**THE PROBLEM:** When the line with "# Parameters (mm, degrees)" appears below, start repeating lines exactly, and keep going through the line with "RESSALTO_EXTRUS_O2_DEPTH = 13"; add nothing outside that span.

═══ RECORD EXTRACTS

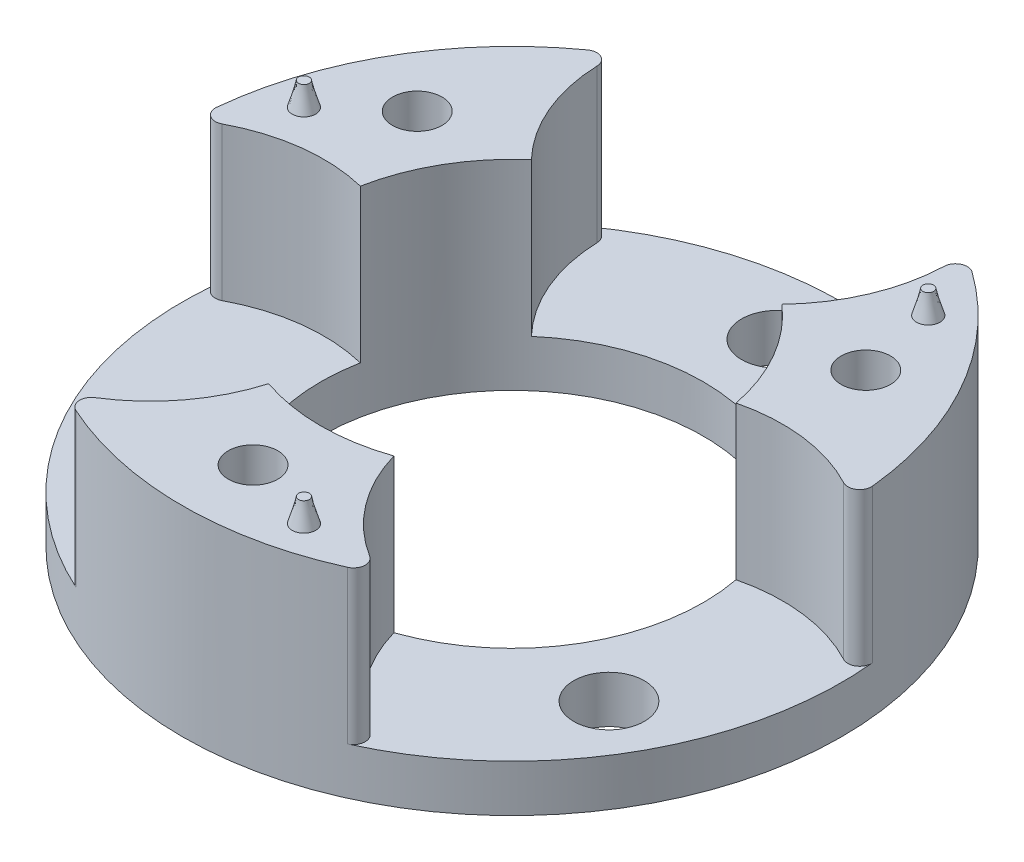
from build123d import *
from build123d.topology import SkipClean

# Parameters (mm, degrees)
ESBO_O1_R                = 28
RESSALTO_EXTRUS_O1_DEPTH = 4
ESBO_O2_R                = 3
CORTE_EXTRUS_O1_DEPTH    = 40.799497484
PADR_OCIRCULAR1_COUNT    = 3
ESBO_O3_R                = 16.25
CORTE_EXTRUS_O2_DEPTH    = 40.799497484
RESSALTO_EXTRUS_O2_DEPTH = 13
PADR_OCIRCULAR2_COUNT    = 3
ESBO_O5_R                = 2.1
CORTE_EXTRUS_O3_DEPTH    = 8
PADR_OCIRCULAR3_COUNT    = 3
PADR_OCIRCULAR4_COUNT    = 3


with BuildPart() as part:
    # Esboço1 → Ressalto-extrusão1 (new body)
    with BuildSketch(Plane(origin=(0, 0, 0), x_dir=(1, 0, 0), z_dir=(0, 1, 0))):
        with Locations(Location((0, 0, 0), (0, 0, 270))):
            Circle(ESBO_O1_R)
    extrude(amount=RESSALTO_EXTRUS_O1_DEPTH)

    # Esboço2 → Corte-extrusão1 (cut, through all)
    with BuildSketch(Plane(origin=(0, 4, 0), x_dir=(1, 0, 0), z_dir=(0, 1, 0))):
        with Locations(Location((0, 22.5, 0), (0, 0, 270))):
            Circle(ESBO_O2_R)
    corte_extrus_o1 = extrude(amount=-CORTE_EXTRUS_O1_DEPTH, mode=Mode.SUBTRACT)

    # PadrãoCircular1: Corte-extrusão1 ×3 about axis
    padr_ocircular1_axis = Axis((0, 0, 0), (0, 1, 0))
    for i in range(1, PADR_OCIRCULAR1_COUNT):
        add(corte_extrus_o1.rotate(padr_ocircular1_axis, i * 360 / PADR_OCIRCULAR1_COUNT), mode=Mode.SUBTRACT)

    # Esboço3 → Corte-extrusão2 (cut, through all)
    with BuildSketch(Plane(origin=(0, 4, 0), x_dir=(1, 0, 0), z_dir=(0, 1, 0))):
        with Locations(Location((0, 0, 0), (0, 0, 270))):
            Circle(ESBO_O3_R)
    extrude(amount=-CORTE_EXTRUS_O2_DEPTH, mode=Mode.SUBTRACT)

    # Esboço4 → Ressalto-extrusão2 (add)
    with SkipClean():  # the faces are left unmerged after this step: merging them gives an invalid solid
        with BuildSketch(Plane(origin=(0, 4, 0), x_dir=(1, 0, 0), z_dir=(0, 1, 0))):
            with BuildLine():
                ThreePointArc((10.638713373, 12.283333333), (13.583103826, 16.7500617), (14.740590111, 21.973214286))
                ThreePointArc((14.740590111, 21.973214286), (15.299274914, 22.835165623), (16.322913343, 22.75))
                ThreePointArc((16.322913343, 22.75), (24.248711306, 14), (27.863534608, 2.761057619))
                ThreePointArc((27.863534608, 2.761057619), (27.425470986, 1.831977923), (26.39965683, 1.77911836))
                ThreePointArc((26.39965683, 1.77911836), (21.29753086, 3.388282126), (15.957035396, 3.071729378))
                ThreePointArc((15.957035396, 3.071729378), (14.072912811, 8.125), (10.638713373, 12.283333333))
            make_face()
        ressalto_extrus_o2 = extrude(amount=RESSALTO_EXTRUS_O2_DEPTH)

    # PadrãoCircular2: Ressalto-extrusão2 ×3 about axis
    with SkipClean():  # the faces are left unmerged after this step: merging them gives an invalid solid
        padr_ocircular2_axis = Axis((0, 0, 0), (0, 1, 0))
        for i in range(1, PADR_OCIRCULAR2_COUNT):
            add(ressalto_extrus_o2.rotate(padr_ocircular2_axis, i * 360 / PADR_OCIRCULAR2_COUNT))

    # Esboço5 → Corte-extrusão3 (cut)
    with SkipClean():  # the faces are left unmerged after this step: merging them gives an invalid solid
        with BuildSketch(Plane(origin=(0, 17, 0), x_dir=(1, 0, 0), z_dir=(0, 1, 0))):
            with Locations(Location((0, -22, 0), (0, 0, 270))):
                Circle(ESBO_O5_R)
        corte_extrus_o3 = extrude(amount=-CORTE_EXTRUS_O3_DEPTH, mode=Mode.SUBTRACT)

    # PadrãoCircular3: Corte-extrusão3 ×3 about axis
    with SkipClean():  # the faces are left unmerged after this step: merging them gives an invalid solid
        padr_ocircular3_axis = Axis((0, 0, 0), (0, 1, 0))
        for i in range(1, PADR_OCIRCULAR3_COUNT):
            add(corte_extrus_o3.rotate(padr_ocircular3_axis, i * 360 / PADR_OCIRCULAR3_COUNT), mode=Mode.SUBTRACT)

    # Loft1: read off the stored shape, not the designer's step
    # Loft1: loft between two sections, ruled curve by curve
    with SkipClean():  # the faces are left unmerged after this step: merging them gives an invalid solid
        loft1_from = [
            Edge.make_bspline([(7.471626812, 17, 24.108508402), (7.389968108, 17, 22.110176134), (5.391635839, 17, 22.191834838), (5.473294543, 17, 24.190167106), (5.554953247, 17, 26.188499375), (7.553285516, 17, 26.106840671), (7.471626812, 17, 24.108508402)], [0, 0, 0, 0, 0.5, 0.5, 0.5, 1, 1, 1, 1], 3, [1, 0.333333333, 0.333333333, 1, 0.333333333, 0.333333333, 1]),
        ]
        loft1_to = [
            Edge.make_bspline([(6.858825303, 19, 24.398982253), (7.358114301, 19, 23.626253002), (6.58538505, 19, 23.126964004), (6.086096051, 19, 23.899693255), (5.586807053, 19, 24.672422507), (6.359536305, 19, 25.171711505), (6.858825303, 19, 24.398982253)], [0, 0, 0, 0, 0.5, 0.5, 0.5, 1, 1, 1, 1], 3, [1, 0.333333333, 0.333333333, 1, 0.333333333, 0.333333333, 1]),
        ]
        loft1 = Solid(Shell([*[Face.make_surface_from_curves(loft1_from[k], loft1_to[k]) for k in range(1)], Face(Wire(loft1_from)), Face(Wire(loft1_to))]))
        add(loft1)

    # PadrãoCircular4: Loft1 ×3 about axis
    with SkipClean():  # the faces are left unmerged after this step: merging them gives an invalid solid
        padr_ocircular4_axis = Axis((0, 0, 0), (0, -1, 0))
        for i in range(1, PADR_OCIRCULAR4_COUNT):
            add(loft1.rotate(padr_ocircular4_axis, i * 360 / PADR_OCIRCULAR4_COUNT))


solid = part.part

══════

**YOUR SOLUTION:**
# Parameters (mm, degrees)
ESBO_O1_R                = 28
RESSALTO_EXTRUS_O1_DEPTH = 4
ESBO_O2_R                = 3
CORTE_EXTRUS_O1_DEPTH    = 40.799497484
PADR_OCIRCULAR1_COUNT    = 3
ESBO_O3_R                = 16.25
CORTE_EXTRUS_O2_DEPTH    = 40.799497484
RESSALTO_EXTRUS_O2_DEPTH = 13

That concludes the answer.